In light of these market trends, MC is considering making a full-scale move into the solar power generation business in Europe, including the possible acquisition of solar power stations.

Leveraging Business Experience in Global Business Development

To date, MC's solar power business has mainly involved importing and trading photovoltaic cells and modules in Europe and the U.S. New Energy Business Unit A has developed a strategy to build business throughout the value chain, from materials procurement to photovoltaic cell/module sale and actual power generation. We want to gain a foothold in European markets, as well as the U.S., the Middle East, and Southeast Asia where market growth is expected, by gaining solar power generation project development and engineering expertise through stronger partnerships and collaborations, and building expertise and experience as an independent power producer (IPP).

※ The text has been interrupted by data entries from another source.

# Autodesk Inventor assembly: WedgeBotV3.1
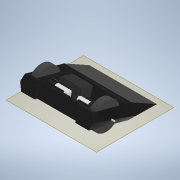
[picture p0: Inventor's stored thumbnail of the model, 180x180]
Saved by Autodesk Inventor 2020 (Build 240168000, 168)
## iProperties
Created: 2023-12-06
Part Number: WedgeBotV3.1
Document SubType Name: Assembly
Designer: smz3rm
Mass: 461.451 g
Surface Area: 1134.27 cm^2
Volume: 369.635 cm^3
Density: 1.2484 g/cm^3
Author: smz3rm
## Documents named in this file (8)
- C:\Users\smz3rm\OneDrive - BP\Documents\DigitalTwin\Models\BattleBot\WedgeBotV3.1.iam
- C:\Users\smz3rm\OneDrive - BP\Documents\DigitalTwin\Models\BattleBot\BodyWedgeWedgeV3.1.ipt
- C:\Users\smz3rm\OneDrive - BP\Documents\DigitalTwin\Models\BattleBot\BodyWedgeBaseV3.1.ipt
- C:\Users\smz3rm\OneDrive - BP\Documents\DigitalTwin\Models\BattleBot\DriveMotorV2.ipt
- C:\Users\smz3rm\OneDrive - BP\Documents\DigitalTwin\Models\BattleBot\BodyWedgeSideV3.1.ipt
- C:\Users\smz3rm\OneDrive - BP\Documents\DigitalTwin\Models\BattleBot\WheelV1.ipt
- C:\Users\smz3rm\OneDrive - BP\Documents\DigitalTwin\Models\BattleBot\HubV2.ipt
- C:\Users\smz3rm\OneDrive - BP\Documents\DigitalTwin\Models\BattleBot\BatteryV1.ipt
## Components (11 placed, 7 different names)
1. BodyWedgeWedgeV3.1:1 — Mate:1, Mate:2, Mate:3, Mate:9, Mate:12, Mate:23
2. BodyWedgeBaseV3.1:1 — Mate:1, Mate:2, Mate:3, Mate:4, Mate:5, Mate:6, Mate:7, Mate:8, Mate:10, Mate:11, Mate:13, Mate:14, Mate:20, Mate:22, Mate:24, Mate:25, Mate:26
3. DriveMotorV2:1 — Mate:7, Mate:8, Mate:19
4. DriveMotorV2:2 — Mate:4, Mate:5, Mate:6, Mate:21
5. BodyWedgeSideV3.1:1 — Mate:12, Mate:13, Mate:14
6. BodyWedgeSideV3.1:2 — Mate:9, Mate:10, Mate:11
7. WheelV1:1 — Mate:15, Mate:16
8. HubV2:1 — Mate:15, Mate:16, Mate:19, Mate:20
9. WheelV1:2 — Mate:17, Mate:18, Tangent:1
10. HubV2:2 — Mate:17, Mate:18, Mate:21, Mate:22
11. BatteryV1:1 — Mate:24, Mate:25, Mate:26
## Relationships (27: Mate 26, Tangent 1)
- Mate:1: BodyWedgeWedgeV3.1:1 ↔ BodyWedgeBaseV3.1:1
- Mate:2: BodyWedgeWedgeV3.1:1 ↔ BodyWedgeBaseV3.1:1
- Mate:3: BodyWedgeWedgeV3.1:1 ↔ BodyWedgeBaseV3.1:1
- Mate:4: BodyWedgeBaseV3.1:1 ↔ DriveMotorV2:2
- Mate:5: BodyWedgeBaseV3.1:1 ↔ DriveMotorV2:2
- Mate:6: BodyWedgeBaseV3.1:1 ↔ DriveMotorV2:2
- Mate:7: BodyWedgeBaseV3.1:1 ↔ DriveMotorV2:1
- Mate:8: BodyWedgeBaseV3.1:1 ↔ DriveMotorV2:1
- Mate:9: BodyWedgeWedgeV3.1:1 ↔ BodyWedgeSideV3.1:2
- Mate:10: BodyWedgeBaseV3.1:1 ↔ BodyWedgeSideV3.1:2
- Mate:11: BodyWedgeBaseV3.1:1 ↔ BodyWedgeSideV3.1:2
- Mate:12: BodyWedgeWedgeV3.1:1 ↔ BodyWedgeSideV3.1:1
- Mate:13: BodyWedgeBaseV3.1:1 ↔ BodyWedgeSideV3.1:1
- Mate:14: BodyWedgeBaseV3.1:1 ↔ BodyWedgeSideV3.1:1
- Mate:15: WheelV1:1 ↔ HubV2:1
- Mate:16: WheelV1:1 ↔ HubV2:1
- Mate:17: WheelV1:2 ↔ HubV2:2
- Mate:18: WheelV1:2 ↔ HubV2:2
- Mate:19: DriveMotorV2:1 ↔ HubV2:1
- Mate:20: BodyWedgeBaseV3.1:1 ↔ HubV2:1
- Mate:21: DriveMotorV2:2 ↔ HubV2:2
- Mate:22: BodyWedgeBaseV3.1:1 ↔ HubV2:2
- Tangent:1: WheelV1:2
- Mate:23: BodyWedgeWedgeV3.1:1
- Mate:24: BodyWedgeBaseV3.1:1 ↔ BatteryV1:1
- Mate:25: BodyWedgeBaseV3.1:1 ↔ BatteryV1:1
- Mate:26: BodyWedgeBaseV3.1:1 ↔ BatteryV1:1
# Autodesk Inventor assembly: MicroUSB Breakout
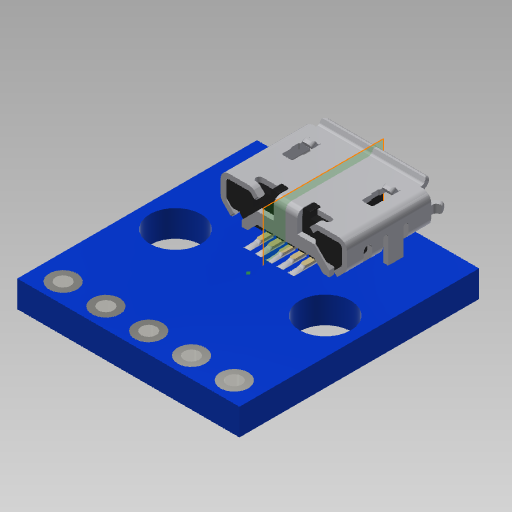
[picture p0: Inventor's stored thumbnail of the model, 512x512]
Saved by Autodesk Inventor 2020 (Build 240168000, 168)
## iProperties
Created: 2018-07-27
Part Number: MicroUSB Breakout
Document SubType Name: Assembly
Designer: amsmi
Author: amsmi
## Documents named in this file (3)
- C:\Users\Alex\Documents\Inventor Modeling\Legacy\Nanodevelopment Lab\Pirani Gauge\Final Readout\MicroUSB Breakout.iam
- C:\Users\Alex\Documents\Inventor Modeling\Legacy\Nanodevelopment Lab\Pirani Gauge\Final Readout\MicroUSB.iam
- C:\Users\Alex\Documents\Inventor Modeling\Legacy\Nanodevelopment Lab\Pirani Gauge\Final Readout\pcb_microusb.ipt
## Components (2 placed, 2 different names)
1. MicroUSB:1 [sub-assembly] — Mate:5
2. pcb_microusb:1
## Relationships (7: Mate 5, Angle 1, Flush 1)
- [Mate]: pcb_microusb:1
- [Mate]: pcb_microusb:1
- [Mate]: pcb_microusb:1
- [Mate]: MicroUSB:1 ↔ pcb_microusb:1
- [Angle] (0 deg): MicroUSB:1 ↔ pcb_microusb:1
- Mate:5: MicroUSB:1
- [Flush]: MicroUSB:1 ↔ pcb_microusb:1

Engaging in Both Materials Procurement 0and New Technology Development

Crystalline silicon photovoltaic cells are the current mainstream. A shortage of polysilicon and silicon wafers - the raw materials for photovoltaic cells - over the past few years has meant that manufacturing and supply has not been able to keep pace with rising global demand. MC is forming partnerships in the materials field and supporting and investing in new technologies with the goal of ensuring stable supplies of silicon materials for the steady growth of the solar power business.

We are also developing a special refl ector and special lens, in collaboration with Okamoto Glass Co., Ltd., as a technology to increase power generation efficiency.

In this way, we aim to support healthy and sustained market growth by generating new demand or lowering costs for solar power generation.